Orion Corporation announced today that its investigational compound ODM-105 (tasipimidine) failed to demonstrate efficacy in treating insomnia disorder, prompting the Finnish pharmaceutical company to discontinue development of the drug for this indication. The Phase 2 UNITAS study did not meet its primary endpoints, showing no significant improvement in key sleep parameters compared to placebo.
Study Design and Results
The UNITAS trial was a Phase 2b randomized, triple-blind, placebo-controlled study that evaluated ODM-105 against placebo in 153 adult patients diagnosed with insomnia disorder. The study's primary endpoints focused on two critical sleep metrics: wake after sleep onset (WASO) and latency to persistent sleep (LPS), both measured using polysomnography, the gold standard for sleep assessment.
According to the study results, ODM-105 did not significantly improve insomnia-related symptoms such as time to fall asleep or sleep duration when compared with placebo. Despite the efficacy disappointment, the compound demonstrated a favorable safety profile and was generally well tolerated throughout the trial period.
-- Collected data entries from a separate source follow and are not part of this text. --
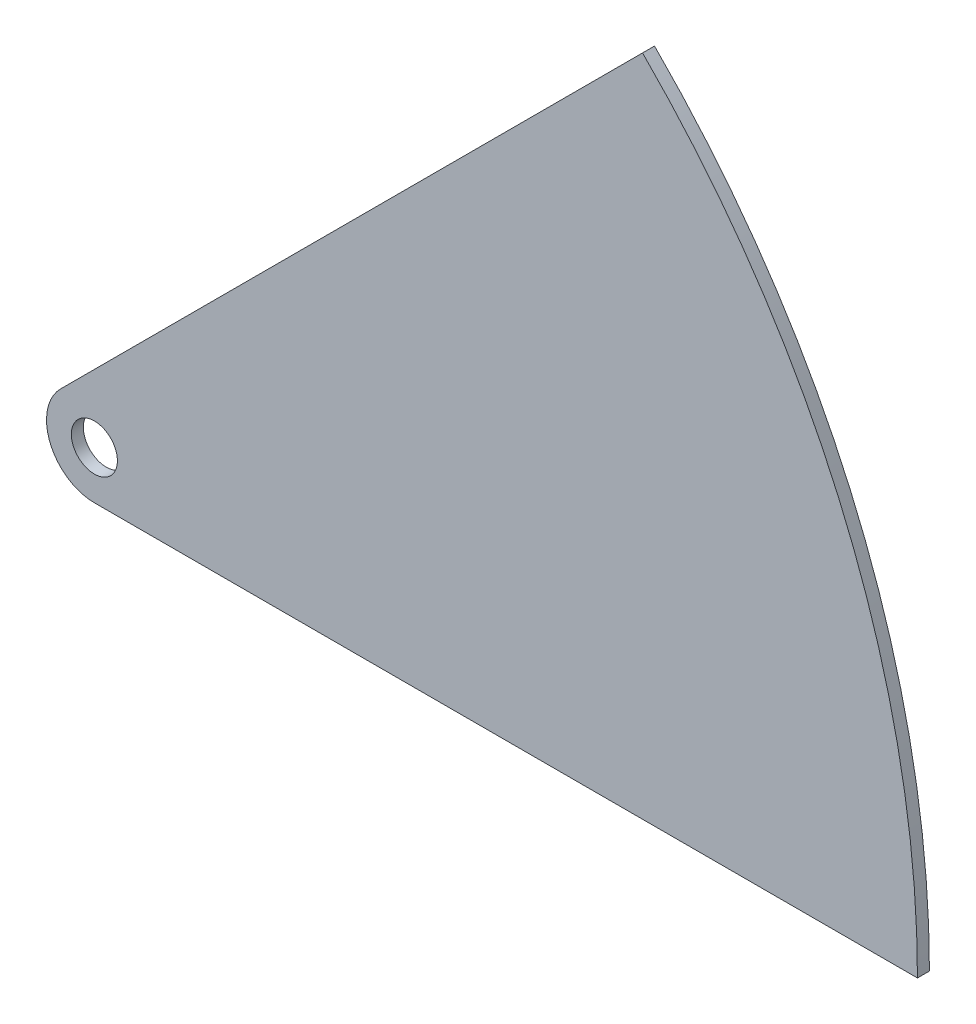
ISO-10303-21;
HEADER;
FILE_DESCRIPTION(('STEP AP214'),'2;1');
FILE_NAME('part.step','',(''),(''),'','','');
FILE_SCHEMA(('AUTOMOTIVE_DESIGN { 1 0 10303 214 1 1 1 1 }'));
ENDSEC;
DATA;
#1=APPLICATION_CONTEXT('core data for automotive mechanical design processes');
#2=APPLICATION_PROTOCOL_DEFINITION('international standard','automotive_design',2000,#1);
#3=PRODUCT_CONTEXT('',#1,'mechanical');
#4=PRODUCT('Part','Part','',(#3));
#5=PRODUCT_RELATED_PRODUCT_CATEGORY('part','',(#4));
#6=PRODUCT_DEFINITION_FORMATION('','',#4);
#7=PRODUCT_DEFINITION_CONTEXT('part definition',#1,'design');
#8=PRODUCT_DEFINITION('design','',#6,#7);
#9=PRODUCT_DEFINITION_SHAPE('','',#8);
#10=(LENGTH_UNIT() NAMED_UNIT(*) SI_UNIT(.MILLI.,.METRE.));
#11=(NAMED_UNIT(*) PLANE_ANGLE_UNIT() SI_UNIT($,.RADIAN.));
#12=(NAMED_UNIT(*) SI_UNIT($,.STERADIAN.) SOLID_ANGLE_UNIT());
#13=UNCERTAINTY_MEASURE_WITH_UNIT(LENGTH_MEASURE(1.E-05),#10,'distance_accuracy_value','');
#14=(GEOMETRIC_REPRESENTATION_CONTEXT(3) GLOBAL_UNCERTAINTY_ASSIGNED_CONTEXT((#13)) GLOBAL_UNIT_ASSIGNED_CONTEXT((#10,
#11,#12)) REPRESENTATION_CONTEXT('',''));
#15=CARTESIAN_POINT('',(0.,0.,0.));
#16=DIRECTION('',(0.,0.,1.));
#17=DIRECTION('',(1.,0.,0.));
#18=AXIS2_PLACEMENT_3D('',#15,#16,#17);
#19=CARTESIAN_POINT('',(-30.6605122421384,-12.7,3.175));
#20=DIRECTION('',(0.,0.,1.));
#21=DIRECTION('',(1.,0.,0.));
#22=AXIS2_PLACEMENT_3D('',#19,#20,#21);
#23=PLANE('',#22);
#24=CARTESIAN_POINT('',(-30.6605122421384,-12.7,3.175));
#25=DIRECTION('',(0.,0.,1.));
#26=DIRECTION('',(1.,0.,0.));
#27=AXIS2_PLACEMENT_3D('',#24,#25,#26);
#28=CIRCLE('',#27,249.100512242138);
#29=CARTESIAN_POINT('',(218.44,-12.7,3.175));
#30=VERTEX_POINT('',#29);
#31=CARTESIAN_POINT('',(145.480149161321,163.440661403458,3.175));
#32=VERTEX_POINT('',#31);
#33=EDGE_CURVE('E98',#30,#32,#28,.T.);
#34=ORIENTED_EDGE('',*,*,#33,.T.);
#35=DIRECTION('',(-0.707106781186551,-0.707106781186544,0.));
#36=VECTOR('',#35,1.);
#37=CARTESIAN_POINT('',(-8.98025612106911,8.9802561210692,3.175));
#38=LINE('',#37,#36);
#39=CARTESIAN_POINT('',(-8.98025612106911,8.9802561210692,3.175));
#40=VERTEX_POINT('',#39);
#41=EDGE_CURVE('E93',#32,#40,#38,.T.);
#42=ORIENTED_EDGE('',*,*,#41,.T.);
#43=CARTESIAN_POINT('',(0.,0.,3.175));
#44=DIRECTION('',(0.,0.,1.));
#45=DIRECTION('',(1.,0.,0.));
#46=AXIS2_PLACEMENT_3D('',#43,#44,#45);
#47=CIRCLE('',#46,12.7);
#48=CARTESIAN_POINT('',(0.,-12.7,3.175));
#49=VERTEX_POINT('',#48);
#50=EDGE_CURVE('E96',#40,#49,#47,.T.);
#51=ORIENTED_EDGE('',*,*,#50,.T.);
#52=DIRECTION('',(1.,0.,0.));
#53=VECTOR('',#52,1.);
#54=CARTESIAN_POINT('',(218.44,-12.7,3.175));
#55=LINE('',#54,#53);
#56=EDGE_CURVE('E63',#49,#30,#55,.T.);
#57=ORIENTED_EDGE('',*,*,#56,.T.);
#58=EDGE_LOOP('',(#34,#42,#51,#57));
#59=FACE_BOUND('',#58,.T.);
#60=CARTESIAN_POINT('',(0.,0.,3.175));
#61=DIRECTION('',(0.,0.,1.));
#62=DIRECTION('',(1.,0.,0.));
#63=AXIS2_PLACEMENT_3D('',#60,#61,#62);
#64=CIRCLE('',#63,6.10870000000001);
#65=CARTESIAN_POINT('',(6.10870000000001,0.,3.175));
#66=VERTEX_POINT('',#65);
#67=EDGE_CURVE('E118',#66,#66,#64,.T.);
#68=ORIENTED_EDGE('',*,*,#67,.F.);
#69=EDGE_LOOP('',(#68));
#70=FACE_BOUND('',#69,.T.);
#71=ADVANCED_FACE('F45',(#59,#70),#23,.T.);
#72=CARTESIAN_POINT('',(-30.6605122421384,-12.7,0.));
#73=DIRECTION('',(0.,0.,1.));
#74=DIRECTION('',(1.,0.,0.));
#75=AXIS2_PLACEMENT_3D('',#72,#73,#74);
#76=PLANE('',#75);
#77=CARTESIAN_POINT('',(-30.6605122421384,-12.7,0.));
#78=DIRECTION('',(0.,0.,1.));
#79=DIRECTION('',(1.,0.,0.));
#80=AXIS2_PLACEMENT_3D('',#77,#78,#79);
#81=CIRCLE('',#80,249.100512242138);
#82=CARTESIAN_POINT('',(218.44,-12.7,0.));
#83=VERTEX_POINT('',#82);
#84=CARTESIAN_POINT('',(145.480149161321,163.440661403458,0.));
#85=VERTEX_POINT('',#84);
#86=EDGE_CURVE('E114',#83,#85,#81,.T.);
#87=ORIENTED_EDGE('',*,*,#86,.F.);
#88=DIRECTION('',(1.,0.,0.));
#89=VECTOR('',#88,1.);
#90=CARTESIAN_POINT('',(218.44,-12.7,0.));
#91=LINE('',#90,#89);
#92=CARTESIAN_POINT('',(0.,-12.7,0.));
#93=VERTEX_POINT('',#92);
#94=EDGE_CURVE('E86',#93,#83,#91,.T.);
#95=ORIENTED_EDGE('',*,*,#94,.F.);
#96=CARTESIAN_POINT('',(0.,0.,0.));
#97=DIRECTION('',(0.,0.,1.));
#98=DIRECTION('',(1.,0.,0.));
#99=AXIS2_PLACEMENT_3D('',#96,#97,#98);
#100=CIRCLE('',#99,12.7);
#101=CARTESIAN_POINT('',(-8.98025612106911,8.9802561210692,0.));
#102=VERTEX_POINT('',#101);
#103=EDGE_CURVE('E80',#102,#93,#100,.T.);
#104=ORIENTED_EDGE('',*,*,#103,.F.);
#105=DIRECTION('',(-0.707106781186551,-0.707106781186544,0.));
#106=VECTOR('',#105,1.);
#107=CARTESIAN_POINT('',(-8.98025612106911,8.9802561210692,0.));
#108=LINE('',#107,#106);
#109=EDGE_CURVE('E103',#85,#102,#108,.T.);
#110=ORIENTED_EDGE('',*,*,#109,.F.);
#111=EDGE_LOOP('',(#87,#95,#104,#110));
#112=FACE_BOUND('',#111,.T.);
#113=CARTESIAN_POINT('',(0.,0.,0.));
#114=DIRECTION('',(0.,0.,1.));
#115=DIRECTION('',(1.,0.,0.));
#116=AXIS2_PLACEMENT_3D('',#113,#114,#115);
#117=CIRCLE('',#116,6.10870000000001);
#118=CARTESIAN_POINT('',(6.10870000000001,0.,0.));
#119=VERTEX_POINT('',#118);
#120=EDGE_CURVE('E136',#119,#119,#117,.T.);
#121=ORIENTED_EDGE('',*,*,#120,.T.);
#122=EDGE_LOOP('',(#121));
#123=FACE_BOUND('',#122,.T.);
#124=ADVANCED_FACE('F131',(#112,#123),#76,.F.);
#125=CARTESIAN_POINT('',(-30.6605122421384,-12.7,3.175));
#126=DIRECTION('',(0.,0.,-1.));
#127=DIRECTION('',(-1.,0.,0.));
#128=AXIS2_PLACEMENT_3D('',#125,#126,#127);
#129=CYLINDRICAL_SURFACE('',#128,249.100512242138);
#130=ORIENTED_EDGE('',*,*,#86,.T.);
#131=DIRECTION('',(0.,0.,-1.));
#132=VECTOR('',#131,1.);
#133=CARTESIAN_POINT('',(145.480149161321,163.440661403458,3.175));
#134=LINE('',#133,#132);
#135=EDGE_CURVE('E11',#32,#85,#134,.T.);
#136=ORIENTED_EDGE('',*,*,#135,.F.);
#137=ORIENTED_EDGE('',*,*,#33,.F.);
#138=DIRECTION('',(0.,0.,-1.));
#139=VECTOR('',#138,1.);
#140=CARTESIAN_POINT('',(218.44,-12.7,3.175));
#141=LINE('',#140,#139);
#142=EDGE_CURVE('E110',#30,#83,#141,.T.);
#143=ORIENTED_EDGE('',*,*,#142,.T.);
#144=EDGE_LOOP('',(#130,#136,#137,#143));
#145=FACE_BOUND('',#144,.T.);
#146=ADVANCED_FACE('F47',(#145),#129,.T.);
#147=CARTESIAN_POINT('',(-8.98025612106911,8.9802561210692,3.175));
#148=DIRECTION('',(0.707106781186544,-0.707106781186551,0.));
#149=DIRECTION('',(0.707106781186551,0.707106781186544,0.));
#150=AXIS2_PLACEMENT_3D('',#147,#148,#149);
#151=PLANE('',#150);
#152=ORIENTED_EDGE('',*,*,#109,.T.);
#153=DIRECTION('',(0.,0.,-1.));
#154=VECTOR('',#153,1.);
#155=CARTESIAN_POINT('',(-8.98025612106911,8.9802561210692,3.175));
#156=LINE('',#155,#154);
#157=EDGE_CURVE('E55',#40,#102,#156,.T.);
#158=ORIENTED_EDGE('',*,*,#157,.F.);
#159=ORIENTED_EDGE('',*,*,#41,.F.);
#160=ORIENTED_EDGE('',*,*,#135,.T.);
#161=EDGE_LOOP('',(#152,#158,#159,#160));
#162=FACE_BOUND('',#161,.T.);
#163=ADVANCED_FACE('F102',(#162),#151,.F.);
#164=CARTESIAN_POINT('',(0.,0.,3.175));
#165=DIRECTION('',(0.,0.,-1.));
#166=DIRECTION('',(-1.,0.,0.));
#167=AXIS2_PLACEMENT_3D('',#164,#165,#166);
#168=CYLINDRICAL_SURFACE('',#167,12.7);
#169=ORIENTED_EDGE('',*,*,#103,.T.);
#170=DIRECTION('',(0.,0.,-1.));
#171=VECTOR('',#170,1.);
#172=CARTESIAN_POINT('',(0.,-12.7,3.175));
#173=LINE('',#172,#171);
#174=EDGE_CURVE('E105',#49,#93,#173,.T.);
#175=ORIENTED_EDGE('',*,*,#174,.F.);
#176=ORIENTED_EDGE('',*,*,#50,.F.);
#177=ORIENTED_EDGE('',*,*,#157,.T.);
#178=EDGE_LOOP('',(#169,#175,#176,#177));
#179=FACE_BOUND('',#178,.T.);
#180=ADVANCED_FACE('F106',(#179),#168,.T.);
#181=CARTESIAN_POINT('',(218.44,-12.7,3.175));
#182=DIRECTION('',(0.,1.,0.));
#183=DIRECTION('',(-1.,0.,0.));
#184=AXIS2_PLACEMENT_3D('',#181,#182,#183);
#185=PLANE('',#184);
#186=ORIENTED_EDGE('',*,*,#94,.T.);
#187=ORIENTED_EDGE('',*,*,#142,.F.);
#188=ORIENTED_EDGE('',*,*,#56,.F.);
#189=ORIENTED_EDGE('',*,*,#174,.T.);
#190=EDGE_LOOP('',(#186,#187,#188,#189));
#191=FACE_BOUND('',#190,.T.);
#192=ADVANCED_FACE('F128',(#191),#185,.F.);
#193=CARTESIAN_POINT('',(0.,0.,3.175));
#194=DIRECTION('',(0.,0.,-1.));
#195=DIRECTION('',(-1.,0.,0.));
#196=AXIS2_PLACEMENT_3D('',#193,#194,#195);
#197=CYLINDRICAL_SURFACE('',#196,6.10870000000001);
#198=ORIENTED_EDGE('',*,*,#67,.T.);
#199=EDGE_LOOP('',(#198));
#200=FACE_BOUND('',#199,.T.);
#201=ORIENTED_EDGE('',*,*,#120,.F.);
#202=EDGE_LOOP('',(#201));
#203=FACE_BOUND('',#202,.T.);
#204=ADVANCED_FACE('F144',(#200,#203),#197,.F.);
#205=CLOSED_SHELL('',(#71,#124,#146,#163,#180,#192,#204));
#206=MANIFOLD_SOLID_BREP('B2',#205);
#207=ADVANCED_BREP_SHAPE_REPRESENTATION('',(#18,#206),#14);
#208=SHAPE_DEFINITION_REPRESENTATION(#9,#207);
ENDSEC;
END-ISO-10303-21;

Company Response and Strategic Implications
Professor Outi Vaarala, Executive Vice President of Innovative Medicines and Research & Development at Orion, expressed the company's disappointment with the outcome. "We are disappointed that our study did not meet its primary goal. Our biggest regret is that we're not able to provide a new and more efficient treatment option for people suffering from insomnia," Vaarala stated.
The executive noted that recruitment for the UNITAS study proceeded faster than anticipated, enabling an earlier readout of efficacy signals. However, she emphasized that this rapid enrollment also underscores the significant unmet medical need in insomnia treatment that persists in the current therapeutic landscape.
Future Development Plans
Following these results, Orion has made the strategic decision to discontinue ODM-105 development for insomnia indications. The company plans to reallocate its research and development resources toward advancing other assets currently in various stages of research and clinical development.
Vaarala confirmed that the company will "focus our efforts and resources on advancing our other assets both in research and clinical phases." Detailed results from the UNITAS study, including comprehensive safety data and their full assessment, are still being finalized and are expected to be released at a later date.
About Orion Corporation
Orion Corporation operates as a globally active Nordic pharmaceutical company with over a century of experience in healthcare. The company develops, manufactures, and markets human and veterinary pharmaceuticals along with active pharmaceutical ingredients. Orion maintains an extensive portfolio encompassing proprietary and generic medicines as well as consumer health products.
The company's core pharmaceutical research and development efforts concentrate on oncology and pain management. Orion's proprietary products address various therapeutic areas including cancer, neurological diseases, and respiratory conditions. In 2024, the company reported net sales of EUR 1,542 million and employed approximately 3,700 professionals worldwide.